**What to produce**
Could you write out, word for word, only the lines from the one containing "Vdc_half/1 -> MATLAB Function/14(Vdc_half)" through the last line of the data below?

**Material for this exercise**
# # # # # # #

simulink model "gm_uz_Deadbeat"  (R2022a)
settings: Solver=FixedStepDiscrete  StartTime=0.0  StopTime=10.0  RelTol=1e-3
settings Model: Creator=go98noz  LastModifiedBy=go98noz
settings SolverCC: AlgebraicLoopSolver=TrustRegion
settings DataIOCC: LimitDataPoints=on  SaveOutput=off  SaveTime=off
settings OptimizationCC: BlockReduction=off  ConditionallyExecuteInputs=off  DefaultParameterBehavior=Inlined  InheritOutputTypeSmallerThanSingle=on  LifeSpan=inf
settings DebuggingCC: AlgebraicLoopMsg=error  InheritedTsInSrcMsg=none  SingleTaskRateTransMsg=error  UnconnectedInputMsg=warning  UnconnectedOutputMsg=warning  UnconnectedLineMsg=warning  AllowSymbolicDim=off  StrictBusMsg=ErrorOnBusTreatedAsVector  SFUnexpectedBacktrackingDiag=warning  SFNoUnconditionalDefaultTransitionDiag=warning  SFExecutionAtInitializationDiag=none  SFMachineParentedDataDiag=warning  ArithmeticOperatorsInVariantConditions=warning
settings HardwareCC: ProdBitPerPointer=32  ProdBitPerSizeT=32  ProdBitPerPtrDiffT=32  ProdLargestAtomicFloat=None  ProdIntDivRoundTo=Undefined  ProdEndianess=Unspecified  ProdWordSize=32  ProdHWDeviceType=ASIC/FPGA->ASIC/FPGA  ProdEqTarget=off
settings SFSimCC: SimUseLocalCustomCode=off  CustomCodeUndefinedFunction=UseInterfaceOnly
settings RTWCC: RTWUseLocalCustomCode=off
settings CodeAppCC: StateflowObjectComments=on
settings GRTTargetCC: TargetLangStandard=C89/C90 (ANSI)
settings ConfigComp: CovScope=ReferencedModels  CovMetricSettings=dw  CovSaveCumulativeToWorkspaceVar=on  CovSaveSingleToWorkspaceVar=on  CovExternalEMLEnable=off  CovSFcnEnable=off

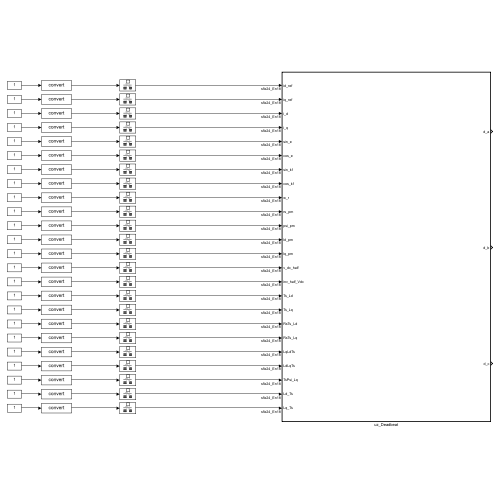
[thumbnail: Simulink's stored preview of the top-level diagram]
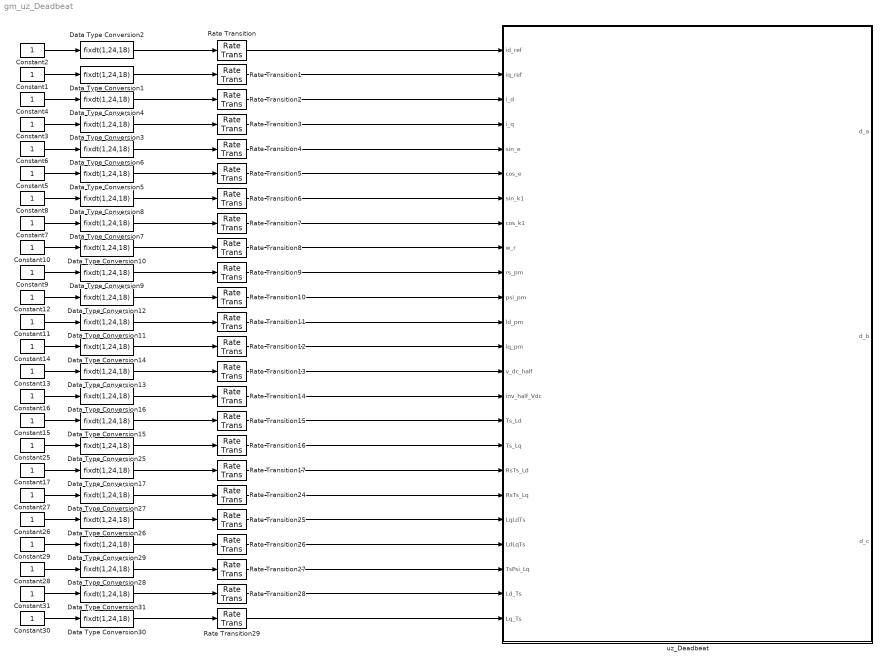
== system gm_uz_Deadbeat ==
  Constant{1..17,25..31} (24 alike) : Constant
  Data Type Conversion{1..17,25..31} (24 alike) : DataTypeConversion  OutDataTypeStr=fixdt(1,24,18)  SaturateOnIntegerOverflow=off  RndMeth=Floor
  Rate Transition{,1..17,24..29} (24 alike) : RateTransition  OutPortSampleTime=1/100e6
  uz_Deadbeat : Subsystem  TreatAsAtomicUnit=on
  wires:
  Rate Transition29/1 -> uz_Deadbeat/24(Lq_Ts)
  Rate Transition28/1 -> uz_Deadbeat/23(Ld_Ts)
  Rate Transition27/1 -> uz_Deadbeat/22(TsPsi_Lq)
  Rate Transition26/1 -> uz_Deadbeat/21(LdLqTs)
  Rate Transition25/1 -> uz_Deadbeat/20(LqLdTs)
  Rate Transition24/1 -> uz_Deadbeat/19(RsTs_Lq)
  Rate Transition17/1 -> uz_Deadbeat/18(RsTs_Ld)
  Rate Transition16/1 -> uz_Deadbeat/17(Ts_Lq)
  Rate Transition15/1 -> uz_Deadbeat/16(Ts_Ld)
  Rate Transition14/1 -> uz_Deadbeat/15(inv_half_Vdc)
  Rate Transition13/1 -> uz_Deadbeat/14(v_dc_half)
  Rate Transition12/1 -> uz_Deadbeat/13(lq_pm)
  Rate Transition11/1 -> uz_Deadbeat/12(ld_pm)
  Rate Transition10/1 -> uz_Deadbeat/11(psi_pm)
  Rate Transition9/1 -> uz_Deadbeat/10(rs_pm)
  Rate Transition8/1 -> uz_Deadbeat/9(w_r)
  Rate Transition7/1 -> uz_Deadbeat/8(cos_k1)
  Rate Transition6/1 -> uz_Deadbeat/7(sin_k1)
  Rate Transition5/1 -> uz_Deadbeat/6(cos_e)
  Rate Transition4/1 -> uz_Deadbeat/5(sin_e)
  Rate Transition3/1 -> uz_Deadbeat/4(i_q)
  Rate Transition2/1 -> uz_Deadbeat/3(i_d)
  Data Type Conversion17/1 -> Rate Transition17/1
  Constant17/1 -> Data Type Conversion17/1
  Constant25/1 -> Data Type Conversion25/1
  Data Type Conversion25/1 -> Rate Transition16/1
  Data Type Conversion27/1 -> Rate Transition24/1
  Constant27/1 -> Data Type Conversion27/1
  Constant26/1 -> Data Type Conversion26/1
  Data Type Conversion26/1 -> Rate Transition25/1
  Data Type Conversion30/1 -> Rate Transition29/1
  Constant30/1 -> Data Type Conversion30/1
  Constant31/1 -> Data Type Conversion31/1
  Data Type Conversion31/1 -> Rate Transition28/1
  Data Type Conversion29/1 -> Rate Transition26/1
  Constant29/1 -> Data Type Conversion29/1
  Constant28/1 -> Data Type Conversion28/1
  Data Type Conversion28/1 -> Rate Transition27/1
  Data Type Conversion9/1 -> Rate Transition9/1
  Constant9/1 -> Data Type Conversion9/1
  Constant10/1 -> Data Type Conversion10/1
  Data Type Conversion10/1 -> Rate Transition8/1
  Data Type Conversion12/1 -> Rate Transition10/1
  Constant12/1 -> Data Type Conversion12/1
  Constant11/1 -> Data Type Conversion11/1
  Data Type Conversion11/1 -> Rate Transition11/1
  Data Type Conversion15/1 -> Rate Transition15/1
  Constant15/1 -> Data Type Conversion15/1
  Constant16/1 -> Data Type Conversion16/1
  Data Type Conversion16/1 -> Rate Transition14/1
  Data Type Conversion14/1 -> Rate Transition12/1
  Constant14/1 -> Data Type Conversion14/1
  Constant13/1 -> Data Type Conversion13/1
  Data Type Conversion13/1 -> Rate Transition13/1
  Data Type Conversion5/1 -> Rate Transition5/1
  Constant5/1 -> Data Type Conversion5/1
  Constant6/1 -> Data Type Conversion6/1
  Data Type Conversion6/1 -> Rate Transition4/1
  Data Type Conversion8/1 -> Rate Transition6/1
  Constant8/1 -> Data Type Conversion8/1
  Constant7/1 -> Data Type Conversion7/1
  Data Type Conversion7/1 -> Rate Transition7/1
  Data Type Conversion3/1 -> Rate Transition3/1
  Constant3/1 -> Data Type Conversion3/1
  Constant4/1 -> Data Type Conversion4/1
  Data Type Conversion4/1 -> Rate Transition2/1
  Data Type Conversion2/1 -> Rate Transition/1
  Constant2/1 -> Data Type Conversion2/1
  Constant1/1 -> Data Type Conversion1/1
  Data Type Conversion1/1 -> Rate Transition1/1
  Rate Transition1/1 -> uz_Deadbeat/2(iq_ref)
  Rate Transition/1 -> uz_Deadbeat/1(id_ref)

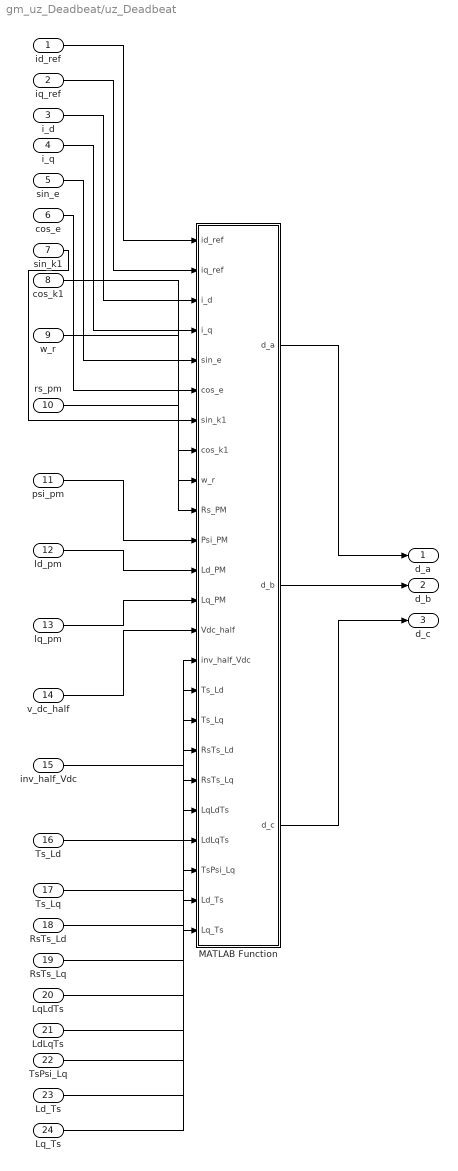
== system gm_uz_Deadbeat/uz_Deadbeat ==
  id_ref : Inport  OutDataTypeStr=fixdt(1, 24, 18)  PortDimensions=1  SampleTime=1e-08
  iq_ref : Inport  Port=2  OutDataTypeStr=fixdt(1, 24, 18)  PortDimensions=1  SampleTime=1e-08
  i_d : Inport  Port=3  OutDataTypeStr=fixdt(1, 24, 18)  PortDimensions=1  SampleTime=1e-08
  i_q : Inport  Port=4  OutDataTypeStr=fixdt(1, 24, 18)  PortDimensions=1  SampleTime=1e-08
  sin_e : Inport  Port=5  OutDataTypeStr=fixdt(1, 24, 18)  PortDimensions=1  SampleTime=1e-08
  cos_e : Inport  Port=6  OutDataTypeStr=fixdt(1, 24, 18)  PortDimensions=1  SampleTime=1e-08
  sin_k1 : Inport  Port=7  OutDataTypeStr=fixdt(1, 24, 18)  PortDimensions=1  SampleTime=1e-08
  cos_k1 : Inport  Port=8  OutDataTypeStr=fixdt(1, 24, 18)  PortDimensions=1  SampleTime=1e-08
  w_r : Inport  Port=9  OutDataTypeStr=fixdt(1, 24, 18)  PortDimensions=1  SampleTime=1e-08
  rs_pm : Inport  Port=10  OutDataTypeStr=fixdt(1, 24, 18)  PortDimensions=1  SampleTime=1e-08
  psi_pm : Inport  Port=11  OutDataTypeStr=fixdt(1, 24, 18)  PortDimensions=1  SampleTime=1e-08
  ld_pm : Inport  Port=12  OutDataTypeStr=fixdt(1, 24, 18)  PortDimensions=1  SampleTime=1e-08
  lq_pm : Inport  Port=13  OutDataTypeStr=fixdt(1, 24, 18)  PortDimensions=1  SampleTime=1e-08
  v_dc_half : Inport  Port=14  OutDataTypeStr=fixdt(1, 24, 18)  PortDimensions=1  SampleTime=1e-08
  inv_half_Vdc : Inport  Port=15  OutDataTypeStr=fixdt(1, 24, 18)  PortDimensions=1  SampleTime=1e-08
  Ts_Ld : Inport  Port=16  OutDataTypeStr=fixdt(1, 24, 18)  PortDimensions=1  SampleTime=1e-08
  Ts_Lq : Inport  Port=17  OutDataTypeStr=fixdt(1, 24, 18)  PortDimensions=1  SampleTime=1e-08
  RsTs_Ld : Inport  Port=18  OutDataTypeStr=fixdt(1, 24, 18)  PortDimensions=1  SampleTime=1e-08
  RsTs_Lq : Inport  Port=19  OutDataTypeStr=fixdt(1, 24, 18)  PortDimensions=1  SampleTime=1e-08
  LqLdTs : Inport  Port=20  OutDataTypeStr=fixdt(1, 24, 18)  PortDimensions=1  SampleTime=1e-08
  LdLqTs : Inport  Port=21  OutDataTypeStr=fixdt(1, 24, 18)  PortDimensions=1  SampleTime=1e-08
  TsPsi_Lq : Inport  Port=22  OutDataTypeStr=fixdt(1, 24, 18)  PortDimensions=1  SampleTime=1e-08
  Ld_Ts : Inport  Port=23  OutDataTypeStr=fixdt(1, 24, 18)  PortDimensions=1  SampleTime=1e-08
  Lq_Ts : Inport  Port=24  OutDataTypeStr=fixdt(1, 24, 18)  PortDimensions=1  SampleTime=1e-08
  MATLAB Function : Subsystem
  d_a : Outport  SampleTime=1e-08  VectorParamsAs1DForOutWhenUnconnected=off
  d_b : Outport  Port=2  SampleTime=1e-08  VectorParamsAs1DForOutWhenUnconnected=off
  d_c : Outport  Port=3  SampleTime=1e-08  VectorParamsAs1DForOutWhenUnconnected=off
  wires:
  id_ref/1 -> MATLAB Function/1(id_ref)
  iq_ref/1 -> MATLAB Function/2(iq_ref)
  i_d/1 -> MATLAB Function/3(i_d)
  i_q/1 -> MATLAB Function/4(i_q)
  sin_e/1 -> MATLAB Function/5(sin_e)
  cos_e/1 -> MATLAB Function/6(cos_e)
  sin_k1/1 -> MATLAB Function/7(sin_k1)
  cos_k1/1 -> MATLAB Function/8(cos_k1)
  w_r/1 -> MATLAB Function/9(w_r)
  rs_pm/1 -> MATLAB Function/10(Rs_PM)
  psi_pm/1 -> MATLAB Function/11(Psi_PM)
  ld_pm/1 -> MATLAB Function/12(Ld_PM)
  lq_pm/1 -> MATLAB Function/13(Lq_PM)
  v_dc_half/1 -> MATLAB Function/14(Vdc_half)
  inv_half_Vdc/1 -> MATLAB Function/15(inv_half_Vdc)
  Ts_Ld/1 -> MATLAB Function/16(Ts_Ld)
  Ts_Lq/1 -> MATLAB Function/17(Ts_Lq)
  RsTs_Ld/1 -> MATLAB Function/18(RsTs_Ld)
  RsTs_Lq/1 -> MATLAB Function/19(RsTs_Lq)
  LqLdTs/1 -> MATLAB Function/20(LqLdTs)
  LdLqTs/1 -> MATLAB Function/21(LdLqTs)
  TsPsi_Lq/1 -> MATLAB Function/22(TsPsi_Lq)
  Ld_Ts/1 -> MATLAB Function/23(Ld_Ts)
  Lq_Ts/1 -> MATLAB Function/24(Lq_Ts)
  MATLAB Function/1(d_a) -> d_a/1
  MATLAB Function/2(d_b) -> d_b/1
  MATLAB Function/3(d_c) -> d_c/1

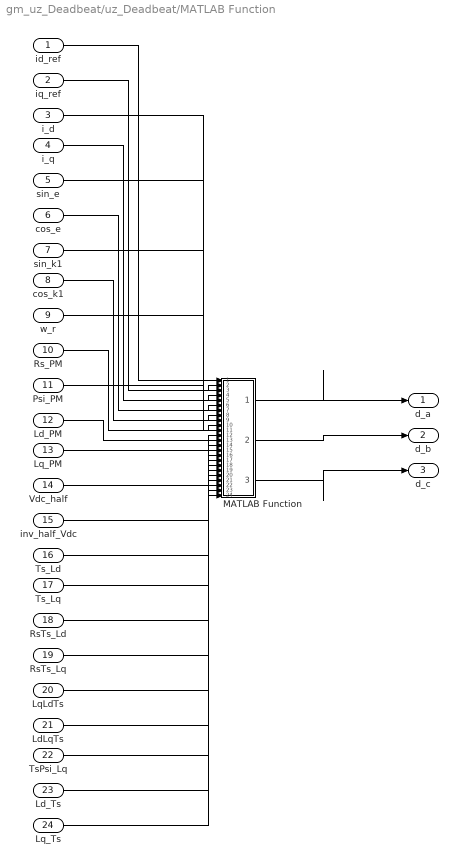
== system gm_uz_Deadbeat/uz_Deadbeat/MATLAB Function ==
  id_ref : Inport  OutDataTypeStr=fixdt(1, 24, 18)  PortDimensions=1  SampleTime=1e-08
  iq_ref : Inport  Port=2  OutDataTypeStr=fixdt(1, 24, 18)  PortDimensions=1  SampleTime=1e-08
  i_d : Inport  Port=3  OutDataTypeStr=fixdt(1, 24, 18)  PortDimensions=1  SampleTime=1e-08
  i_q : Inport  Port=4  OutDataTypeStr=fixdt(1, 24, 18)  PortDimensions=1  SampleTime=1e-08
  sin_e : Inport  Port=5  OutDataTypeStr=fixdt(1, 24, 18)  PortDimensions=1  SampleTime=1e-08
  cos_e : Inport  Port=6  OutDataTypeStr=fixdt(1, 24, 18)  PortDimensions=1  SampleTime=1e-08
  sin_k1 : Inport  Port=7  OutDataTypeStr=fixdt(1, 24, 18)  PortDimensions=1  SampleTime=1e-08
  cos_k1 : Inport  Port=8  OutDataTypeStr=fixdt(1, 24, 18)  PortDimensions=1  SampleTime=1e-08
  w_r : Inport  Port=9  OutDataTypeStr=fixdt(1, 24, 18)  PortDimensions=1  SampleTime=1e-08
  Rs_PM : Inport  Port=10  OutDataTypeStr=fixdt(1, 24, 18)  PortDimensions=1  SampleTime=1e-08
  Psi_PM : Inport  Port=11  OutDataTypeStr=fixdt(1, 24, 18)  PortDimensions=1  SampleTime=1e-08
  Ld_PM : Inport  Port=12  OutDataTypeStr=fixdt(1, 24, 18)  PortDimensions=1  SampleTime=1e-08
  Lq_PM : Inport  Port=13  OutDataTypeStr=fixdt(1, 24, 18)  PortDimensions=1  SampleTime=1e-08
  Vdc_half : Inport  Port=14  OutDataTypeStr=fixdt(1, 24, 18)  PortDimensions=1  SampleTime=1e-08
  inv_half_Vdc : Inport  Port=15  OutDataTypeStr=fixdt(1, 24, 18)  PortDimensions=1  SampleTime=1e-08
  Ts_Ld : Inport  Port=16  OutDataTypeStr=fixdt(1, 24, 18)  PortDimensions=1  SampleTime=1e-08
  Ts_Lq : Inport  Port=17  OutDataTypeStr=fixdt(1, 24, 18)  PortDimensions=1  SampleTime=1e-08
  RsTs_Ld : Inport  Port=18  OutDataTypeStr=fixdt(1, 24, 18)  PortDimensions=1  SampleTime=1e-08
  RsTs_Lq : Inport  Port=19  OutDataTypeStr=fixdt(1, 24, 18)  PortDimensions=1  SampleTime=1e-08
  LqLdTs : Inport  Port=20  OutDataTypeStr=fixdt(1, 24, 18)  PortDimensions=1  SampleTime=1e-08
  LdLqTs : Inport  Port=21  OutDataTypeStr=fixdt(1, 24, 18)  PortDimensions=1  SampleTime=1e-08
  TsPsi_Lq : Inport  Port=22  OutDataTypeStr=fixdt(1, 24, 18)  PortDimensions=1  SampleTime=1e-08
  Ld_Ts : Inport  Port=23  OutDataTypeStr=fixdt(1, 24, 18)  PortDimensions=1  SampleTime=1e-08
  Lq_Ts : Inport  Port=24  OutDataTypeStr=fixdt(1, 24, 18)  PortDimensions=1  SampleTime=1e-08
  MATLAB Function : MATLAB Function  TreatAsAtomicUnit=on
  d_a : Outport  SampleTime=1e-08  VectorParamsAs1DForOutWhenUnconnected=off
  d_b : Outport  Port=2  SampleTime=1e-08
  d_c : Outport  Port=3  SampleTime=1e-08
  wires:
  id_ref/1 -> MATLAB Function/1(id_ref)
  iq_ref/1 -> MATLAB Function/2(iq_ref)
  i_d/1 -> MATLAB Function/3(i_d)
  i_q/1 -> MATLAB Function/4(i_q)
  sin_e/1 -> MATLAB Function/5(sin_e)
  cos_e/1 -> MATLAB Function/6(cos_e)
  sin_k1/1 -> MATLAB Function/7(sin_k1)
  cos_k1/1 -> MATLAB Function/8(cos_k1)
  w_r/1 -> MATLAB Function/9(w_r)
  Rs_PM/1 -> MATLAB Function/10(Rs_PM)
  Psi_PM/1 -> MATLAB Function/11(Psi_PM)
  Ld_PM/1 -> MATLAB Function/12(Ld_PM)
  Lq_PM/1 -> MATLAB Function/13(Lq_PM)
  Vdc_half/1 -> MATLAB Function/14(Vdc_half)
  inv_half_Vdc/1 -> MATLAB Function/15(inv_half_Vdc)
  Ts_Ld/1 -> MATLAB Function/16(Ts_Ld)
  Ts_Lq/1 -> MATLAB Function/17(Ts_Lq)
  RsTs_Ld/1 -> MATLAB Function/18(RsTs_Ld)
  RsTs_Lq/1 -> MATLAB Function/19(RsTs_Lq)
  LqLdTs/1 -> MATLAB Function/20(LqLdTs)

# # # # # # #

**Answer to the exercise**
  Vdc_half/1 -> MATLAB Function/14(Vdc_half)
  inv_half_Vdc/1 -> MATLAB Function/15(inv_half_Vdc)
  Ts_Ld/1 -> MATLAB Function/16(Ts_Ld)
  Ts_Lq/1 -> MATLAB Function/17(Ts_Lq)
  RsTs_Ld/1 -> MATLAB Function/18(RsTs_Ld)
  RsTs_Lq/1 -> MATLAB Function/19(RsTs_Lq)
  LqLdTs/1 -> MATLAB Function/20(LqLdTs)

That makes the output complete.